Una dichiarazione, quest’ultima, nella quale si condensa larga parte di quegli “Esercizi negativi” (appena pubblicati da Adelphi, nella calibrata versione di Cristiana Fantechi) cui Cioran consegna le sue riflessioni, espresse per la prima volta in un idioma temprato alla scuola dei grandi moralisti, con una sintassi relativamente elementare, ma animata da una grandissima tensione, e che costituiscono i preliminari al “Sommario”, rispetto al quale, però, conservano una forza invettiva più indomita e radicale. Come testimoniano le rampogne caustiche, beffarde, se non crudeli, rivolte contro Kierkegaard, filosofo solo per dissimulare «i suoi momenti di grande cedimento», Heidegger, corifeo della «moda della morte nella filosofia contemporanea», Sartre, «artefice d’un nichilismo da boulevard».

 

Invero, l’esistenzialismo – «un orientamento del pensiero, a metà strada fra il sistema e l’ispirazione» – è oggetto degli strali di Cioran nella misura in cui esso rappresenta l’epitome di quell’«astrazione» da cui egli si è lasciato impregnare nei suoi anni giovanili, e che sceglie ora di preterire non riuscendovi a trovare un contravveleno efficace alla sua «insonnia» esistenziale, alla «vertiginosa lucidità» capace di «trasformare il paradiso stesso in un luogo di tortura». Come dimostrano le “invocazioni” all’insonnia ch’egli rivolge negli “Esercizi” (siccome nel “Sommario di decomposizione”), questa non ha qui un valore metaforico, ma si pone in concreto, diretto legame con il proprio corpo, che trasalisce assuefatto dall’impossibilità che il tempo trascorra, facendosi infinito, al punto da mettere in discussione la vita stessa.

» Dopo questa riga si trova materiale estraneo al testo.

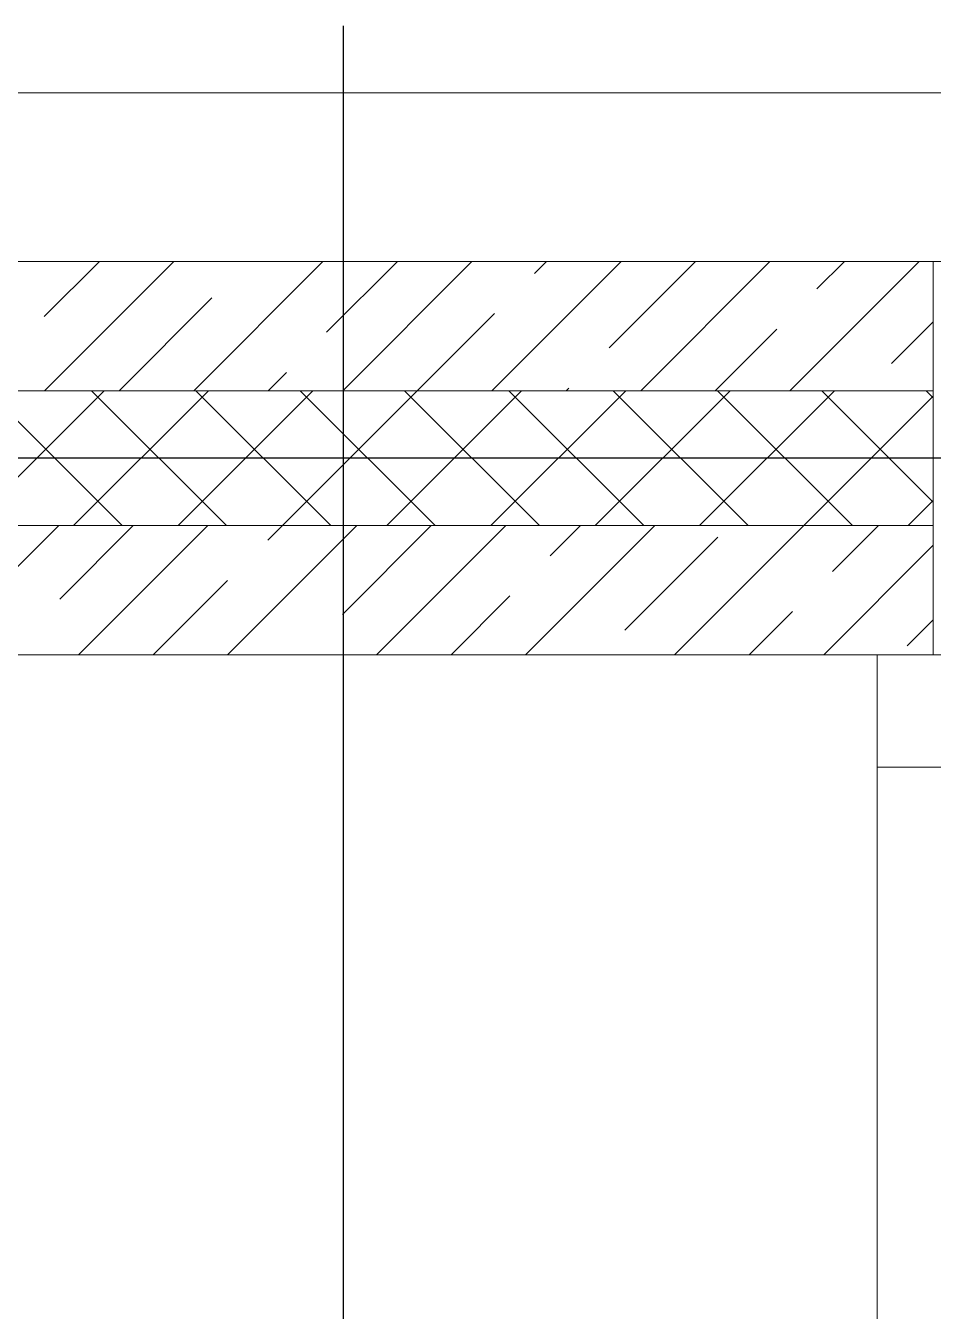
# Model space of a CAD drawing. Header units: inches. Extents: x -19662 to 10260, y -11808 to 5048.
# Drawn here: x -5033 to -4226, y 577 to 1721 of the extents above; entities that cross this region are included whole.
import ezdxf

# ---------------------------------------------------------------- set-up
doc = ezdxf.new("R2010")
doc.units = ezdxf.units.IN
doc.header["$MEASUREMENT"] = 0
doc.linetypes.add('CONTI', pattern=[0])
doc.linetypes.add('GOST2.303 5', pattern=[24, 20, -1.5, 1, -1.5])
doc.layers.add('axis_dim', color=40, linetype='CONTI')
for name, color, linetype, lineweight in [('doors_windows', 4, 'Continuous', 5), ('furniture', 36, 'Continuous', 0), ('stair1', 7, 'Continuous', 15), ('Wall2', 40, 'Continuous', 5)]:
    doc.layers.add(name, color=color, linetype=linetype, lineweight=lineweight)

msp = doc.modelspace()

# ---------------------------------------------------------------- linework, layer by layer
at = {"layer": 'axis_dim', "linetype": 'GOST2.303 5', "lineweight": 25, "ltscale": 100}
for points in [[(-4750.6, 1720.7), (-4750.6, 1336)], [(-3500.6, 1336), (-9250.6, 1336)], [(-4750.6, 1336), (-4750.6, -2264)]]:
    msp.add_lwpolyline(points, dxfattribs=at)
at = {"layer": 'doors_windows', "lineweight": 20, "ltscale": 50}
msp.add_lwpolyline([(-4225.6, 1511), (-3625.6, 1511), (-3625.6, 1161), (-4225.6, 1161)], close=True, dxfattribs=at)
at = {"layer": 'furniture'}
for points in [[(-2345.6, -1264), (-2345.6, 1161), (-4275.6, 1161), (-4275.6, 561), (-2945.6, 560.9), (-2945.6, -1263.9), (-2345.6, -1263.9)], [(-4275.6, 1061), (-4275.6, 1061), (-2445.6, 1061), (-2445.6, -1263.9)]]:
    msp.add_lwpolyline(points, dxfattribs=at)
at = {"layer": 'stair1', "ltscale": 75}
msp.add_lwpolyline([(-13825.6, 1661), (-2250.4, 1661)], dxfattribs=at)
at = {"layer": 'Wall2', "ltscale": 100}
for points in [[(-4225.6, 1511), (-13825.6, 1511)], [(-5016.5, 1462), (-4967.5, 1511)], [(-5016.2, 1396), (-4901.2, 1511)], [(-4883.6, 1396), (-4768.6, 1511)], [(-4765.3, 1448.1), (-4702.3, 1511)], [(-4751, 1396), (-4636, 1511)], [(-4618.4, 1396), (-4503.4, 1511)], [(-4580.3, 1500.4), (-4569.7, 1511)], [(-4514, 1434.1), (-4437.2, 1511)], [(-4485.9, 1396), (-4370.9, 1511)], [(-4353.3, 1396), (-4238.3, 1511)], [(-4329.1, 1486.5), (-4304.6, 1511)], [(-4225.6, 1396), (-4225.6, 1511)], [(-4949.9, 1396), (-4867.4, 1478.5)], [(-4684.7, 1396), (-4616.1, 1464.6)], [(-4262.8, 1420.2), (-4225.6, 1457.4)], [(-4419.6, 1396), (-4364.9, 1450.7)], [(-4817.3, 1396), (-4801.1, 1412.3)], [(-13710.6, 1396), (-4225.6, 1396)], [(-13710.6, 1396), (-4225.6, 1396)], [(-5083.2, 1276), (-4963.2, 1396)], [(-4947.2, 1276), (-5067.2, 1396)], [(-4990.4, 1276), (-4870.4, 1396)], [(-4854.4, 1276), (-4974.4, 1396)], [(-4897.5, 1276), (-4777.5, 1396)], [(-4761.6, 1276), (-4881.6, 1396)], [(-4804.7, 1276), (-4684.7, 1396)], [(-4668.8, 1276), (-4788.8, 1396)], [(-4711.9, 1276), (-4591.9, 1396)], [(-4576, 1276), (-4696, 1396)], [(-4619.1, 1276), (-4499.1, 1396)], [(-4483.2, 1276), (-4603.2, 1396)], [(-4552.2, 1396), (-4549.8, 1398.3)], [(-4526.3, 1276), (-4406.3, 1396)], [(-4390.4, 1276), (-4510.4, 1396)], [(-4433.5, 1276), (-4313.5, 1396)], [(-4297.6, 1276), (-4417.6, 1396)], [(-4225.6, 1296.8), (-4324.7, 1396)], [(-4225.6, 1389.7), (-4231.9, 1396)], [(-4225.6, 1396), (-4225.6, 1276)], [(-4340.7, 1276), (-4225.6, 1391.1)], [(-4247.9, 1276), (-4225.6, 1298.3)], [(-4225.6, 1276), (-13590.6, 1276)], [(-4225.6, 1276), (-13590.6, 1276)], [(-5118.6, 1161), (-5003.6, 1276)], [(-5002.6, 1210.7), (-4937.3, 1276)], [(-4986, 1161), (-4871, 1276)], [(-4853.4, 1161), (-4738.4, 1276)], [(-4817.6, 1263.1), (-4804.7, 1276)], [(-4751.3, 1196.8), (-4672.2, 1276)], [(-4720.9, 1161), (-4605.9, 1276)], [(-4588.3, 1161), (-4473.3, 1276)], [(-4566.4, 1249.2), (-4539.6, 1276)], [(-4455.7, 1161), (-4340.7, 1276)], [(-4315.2, 1235.3), (-4274.4, 1276)], [(-4225.6, 1161), (-4225.6, 1276)], [(-4500.1, 1182.9), (-4417.2, 1265.8)], [(-4323.1, 1161), (-4225.6, 1258.5)], [(-4919.7, 1161), (-4853.4, 1227.3)], [(-4654.6, 1161), (-4602.2, 1213.4)], [(-4389.4, 1161), (-4350.9, 1199.5)], [(-4248.9, 1169), (-4225.6, 1192.2)], [(-13475.6, 1161), (-4225.6, 1161)], [(-4787.2, 1161), (-4787.1, 1161)]]:
    msp.add_lwpolyline(points, dxfattribs=at)

doc.saveas('drawing.dxf')

Perché – dichiarò Cioran nel corso d’una intervista concessa nel 1979 – «l’uomo non è fatto per tollerare il tempo, né fisicamente né psichicamente, non è fatto per sentire che ogni minuto è realtà e che si trova solo di fronte al tempo che non passa o che passa molto lentamente».

 

Sono, quelle dell’insonnia, le notti d’un tempo anti-circadiano: nuits blanches, nelle quali c’è sempre luce: dove tutto è chiaro, di una chiarezza spaventosa. Che porta con sé pensieri e immagini che ossessionano e travagliano la scrittura cioraniana, contraddistinguendone il timbro caustico, aspro, rabidamente ironico. Non privo d’un che d’assuefacente. Quasi un’intossicazione instillata a freddo, che come ulteriormente si avverte concludendo la lettura degli “Esercizi negativi” spinge a familiarizzare con un nichilismo tanto ostentatamente accigliato, intransigente e severo da sembrare sconfinare in un teatrale voyerismo del vuoto, nella messinscena d’una melanconia che non genera altro che la propria «eterea lacerazione». Facendo così nutrire il sospetto che dietro l’aruspice del negativo si menta alla fine uno smaliziato intrattenitore. Come ha scritto John Updike, «originario della terra di Dracula, Cioran, claustrofobicamente a suo agio con l'orrore, il dolore, l'abnegazione e la rabbia», si atteggia ad istrionico profeta di sciagure, simile a quello tratteggiato da Mann in un breve racconto del 1904, il quale «solitario cantava, farneticava, comandava; si perdeva in intricate immagini, sprofondava in un gorgo di sconnessioni e riemergeva, improvviso e pauroso, là dove meno lo si sarebbe aspettato».